West Toronto Railpath Extension Study: Sudbury Street Consultation

 The preferred route for the extension is shown by the green line. Maps courtesy of City of Toronto.

West Toronto Railpath Extension Study: Sudbury Street Consultation

Story by Corey Horowitz

The West Toronto Railpath phase two will build on the overwhelming success of the first section, which has become one of the most important and celebrated pieces of cycling infrastructure and public space in the city.

The extension will add about 3.2 kilometres to the multi-use trail, beginning at the current terminus of phase one at Dundas West and Sterling Road, heading southeast and ending around Stanley Park near the intersection of Strachan Avenue and Wellington Street. Phase two will connect the path to the Fort York pedestrian and cycling bridge and the new Richmond-Adelaide bikeway.

The Sudbury Street Consultation was the third public meeting to address the West Toronto Railpath Extension Study. On the agenda was a presentation and discussion of the preferred options for alignment of the extension. Since the City has not arrived at a single option to recommend to the community, the main purpose of this meeting is to present all possible options and allow for feedback. At this point, the design options presented are still just concepts.

The arrows indicate connections to the broader cycling network, including the Richmond-Adelaide bikeway, the Waterfront Trail and the Sherbourne cycle track. 

The presentation was led by Dan Egan from City of Toronto Transportation Services, Cycling Infrastructure and Programs. The room was full with residents, advocates and project affiliates including representatives from Cycle Toronto, the City Planning division, Regional Architects, Metrolinx and Scott Dobson from Friends of the West Toronto Railpath. City councillors Mike Layton (Ward 19, Trinity-Spadina) and Ana Bailão (Ward 18, Davenport) were also there to speak in support of the project. Both councillors emphasized the social value of the railpath for the surrounding communities, with Bailão noting the addition of green space in key spots contributing to a wider network of parks near the rail corridor, such as Lisgar Park.

                       Councillor Mike Layton.

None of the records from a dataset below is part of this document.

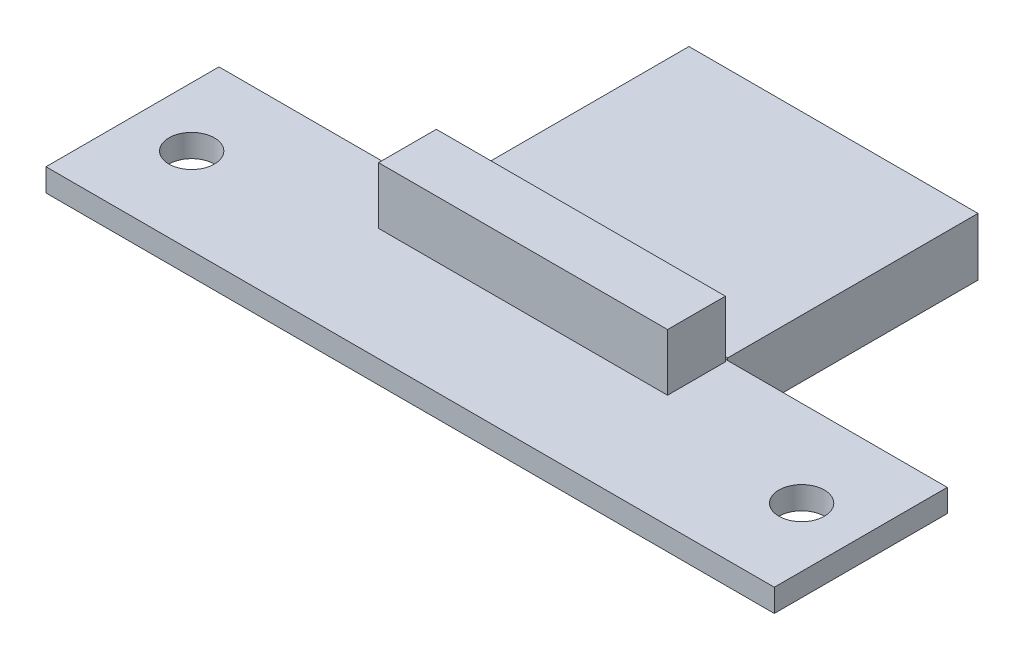
SolidWorks part; units mm, degrees
ref_plane "Спереди" through (0, 0, 0) normal (0, 0, 1) x (1, 0, 0)
ref_plane "Сверху" through (0, 0, 0) normal (0, 1, 0) x (1, 0, 0)
ref_plane "Справа" through (0, 0, 0) normal (1, 0, 0) x (0, 0, -1)
sketch "Sketch1" plane through (0, 0, 0) normal (0, 1, 0) x (1, 0, 0)
  line L1 (-16, 3.8) -> (16, 3.8)
  line L2 (-16, 3.8) -> (-16, -3.8)
  line L3 (-16, -3.8) -> (16, -3.8)
  line L4 (16, 3.8) -> (16, -3.8)
  line L5 (-16, 3.8) -> (16, -3.8) construction
  line L6 (-16, -3.8) -> (16, 3.8) construction
  point P0 (0, 0)
  dimension "D1" = 32
  dimension "D2" = 7.6
extrude "Boss-Extrude1" add sketch "Sketch1" along normal blind 1
sketch "Sketch2" plane through (0, 1, 0) normal (0, 1, 0) x (1, 0, 0)
  line L0 (-13.4, 0) -> (13.4, 0) construction
  circle A0 centre (-13.4, 0) radius 1
  circle A1 centre (13.4, 0) radius 1
  point P4 (0, 0)
  dimension "D1" = 2
  dimension "D2" = 26.8
extrude "Cut-Extrude1" cut sketch "Sketch2" against normal through all
sketch "Sketch3" plane through (0, 0, 0) normal (0, -1, 0) x (1, 0, 0)
  line L0 (-9.5, 0) -> (9.5, 0) construction
  line L1 (0, 1.1) -> (0, 0) construction
  line L2 (-10.3, 1.1) -> (-8.7, 1.1)
  line L3 (-10.3, 1.1) -> (-10.3, -1.1)
  line L4 (-10.3, -1.1) -> (-8.7, -1.1)
  line L5 (-8.7, 1.1) -> (-8.7, -1.1)
  line L6 (-10.3, 1.1) -> (-8.7, -1.1) construction
  line L7 (-10.3, -1.1) -> (-8.7, 1.1) construction
  line L8 (8.7, 1.1) -> (10.3, 1.1)
  line L9 (8.7, 1.1) -> (8.7, -1.1)
  line L10 (8.7, -1.1) -> (10.3, -1.1)
  line L11 (10.3, 1.1) -> (10.3, -1.1)
  line L12 (8.7, 1.1) -> (10.3, -1.1) construction
  line L13 (8.7, -1.1) -> (10.3, 1.1) construction
  line L14 (-0.8, 2.2) -> (0.8, 2.2)
  line L15 (-0.8, 2.2) -> (-0.8, 0)
  line L16 (-0.8, 0) -> (0.8, 0)
  line L17 (0.8, 2.2) -> (0.8, 0)
  line L18 (-0.8, 2.2) -> (0.8, 0) construction
  line L19 (-0.8, 0) -> (0.8, 2.2) construction
  point P3 (0, 1.1)
  point P4 (0, 0)
  dimension "D1" = 1.6
  dimension "D2" = 2.2
  dimension "D3" = 9.5
extrude "Boss-Extrude2" add sketch "Sketch3" along normal blind 1
sketch "Sketch4" plane through (0, 0, -3.8) normal (0, 0, -1) x (-1, 0, 0)
  line L0 (0, -0.17) -> (0, 0) construction
  line L1 (-6.35, 1.1) -> (6.35, 1.1)
  line L2 (-6.35, 1.1) -> (-6.35, -1.44)
  line L3 (-6.35, -1.44) -> (6.35, -1.44)
  line L4 (6.35, 1.1) -> (6.35, -1.44)
  line L5 (-6.35, 1.1) -> (6.35, -1.44) construction
  line L6 (-6.35, -1.44) -> (6.35, 1.1) construction
  line L8 (-16, 1) -> (16, 1) construction
  point P0 (0, -0.17)
  dimension "D1" = 2.54
  dimension "D2" = 12.7
  dimension "D3" = 0.1
extrude "Boss-Extrude3" add sketch "Sketch4" along normal blind 11
sketch "Sketch5" plane through (0, 1, 0) normal (0, 1, 0) x (1, 0, 0)
  line L0 (-6.35, 14.8) -> (-6.35, 3.8) construction
  line L1 (-6.35, 1.16) -> (6.35, 1.16)
  line L2 (-6.35, 1.16) -> (-6.35, 3.7)
  line L3 (-6.35, 3.7) -> (6.35, 3.7)
  line L4 (6.35, 1.16) -> (6.35, 3.7)
  line L5 (-6.35, 1.16) -> (6.35, 3.7) construction
  line L6 (-6.35, 3.7) -> (6.35, 1.16) construction
  line L7 (6.35, 14.8) -> (6.35, 3.8) construction
  line L8 (-6.35, 3.8) -> (-16, 3.8) construction
  point P0 (0, 2.43)
  dimension "D1" = 2.54
  dimension "D2" = 0.1
extrude "Boss-Extrude4" add sketch "Sketch5" along normal blind 2.5
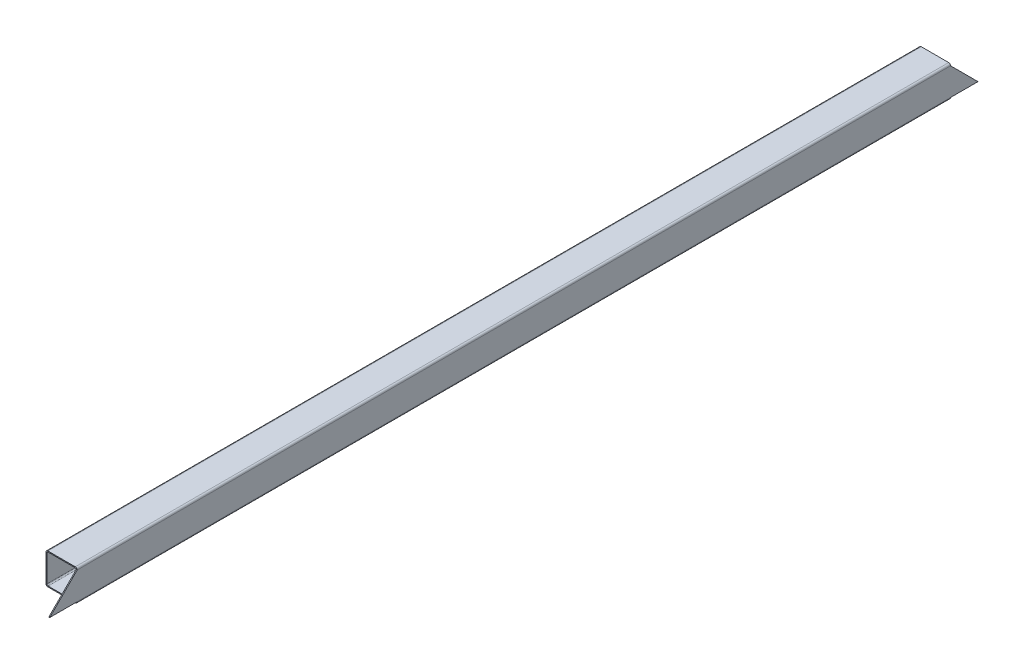
SolidWorks part; units mm, degrees
material "AISI 1020"
ref_plane "Спереди" through (0, 0, 0) normal (0, 0, 1) x (1, 0, 0)
ref_plane "Сверху" through (0, 0, 0) normal (0, 1, 0) x (1, 0, 0)
ref_plane "Справа" through (0, 0, 0) normal (1, 0, 0) x (0, 0, -1)
sketch "Эскиз1" plane through (0, 0, 0) normal (0, 0, 1) x (1, 0, 0)
  line B0 (-44, 50) -> (44, 50)
  line B1 (-50, 44) -> (-50, -44)
  line B2 (-44, -50) -> (44, -50)
  line B3 (50, 44) -> (50, -44)
  line B4 (-50, 50) -> (50, -50) construction
  line B5 (-50, -50) -> (50, 50) construction
  line B6 (-43, 47) -> (43, 47)
  line B7 (-47, 43) -> (-47, -43)
  line B8 (-43, -47) -> (43, -47)
  line B9 (47, 43) -> (47, -43)
  line B10 (-47, 47) -> (47, -47) construction
  line B11 (-47, -47) -> (47, 47) construction
  arc B12 (-50, -44) -> (-44, -50) centre (-44, -44) ccw
  arc B13 (44, -50) -> (50, -44) centre (44, -44) ccw
  arc B14 (44, 50) -> (50, 44) centre (44, 44) cw
  arc B15 (-44, 50) -> (-50, 44) centre (-44, 44) ccw
  arc B16 (-47, -43) -> (-43, -47) centre (-43, -43) ccw
  arc B17 (43, -47) -> (47, -43) centre (43, -43) ccw
  arc B18 (43, 47) -> (47, 43) centre (43, 43) cw
  arc B19 (-43, 47) -> (-47, 43) centre (-43, 43) ccw
sketch_block_instance "Блок1-1"
sketch_block "Блок1" parameters "D3"=6, "D4"=4, "D1"=100, "D2"=3
extrude "Бобышка-Вытянуть1" add sketch "Эскиз1" against normal blind 2800
sketch "Эскиз2" plane through (50, 0, 0) normal (1, 0, 0) x (0, 0, -1)
  line L0 (0, -44) -> (0, 44) construction
  line L1 (0, -44) -> (0, 44)
  line L2 (0, -44) -> (-88, -44)
  line L3 (-88, -44) -> (0, 44)
  line L4 (2800, -44) -> (2800, 44) construction
  line L5 (2800, -44) -> (2800, 44)
  line L6 (2800, -44) -> (2888, -44)
  line L7 (2888, -44) -> (2800, 44)
extrude "Бобышка-Вытянуть2" add sketch "Эскиз2" against normal up to surface (3 mm away) up to face at (47, 0, -1400)

Photo by Corey Horowitz

Egan explains from the outset that phase two section contains some very challenging physical aspects compared to phase one, particularly on portions of Sudbury Street, which runs diagonally between Queen and King. Among the issues will be the narrowing of several stretches of road, significant loss of on-street and private parking spaces, property acquisitions, sidewalk and road reconstruction and impacts on landscaping and frontages, including heritage status trees and buildings.

Questions from the audience ranged from concerns about loss of mature trees and greenspace to the possibility of alternative options not presented. Giselle, a 20-plus year resident raised a point about priorities, questioning the amount of truly safe space that exists for cyclists in Toronto and referring to the importance of safety for children in the area.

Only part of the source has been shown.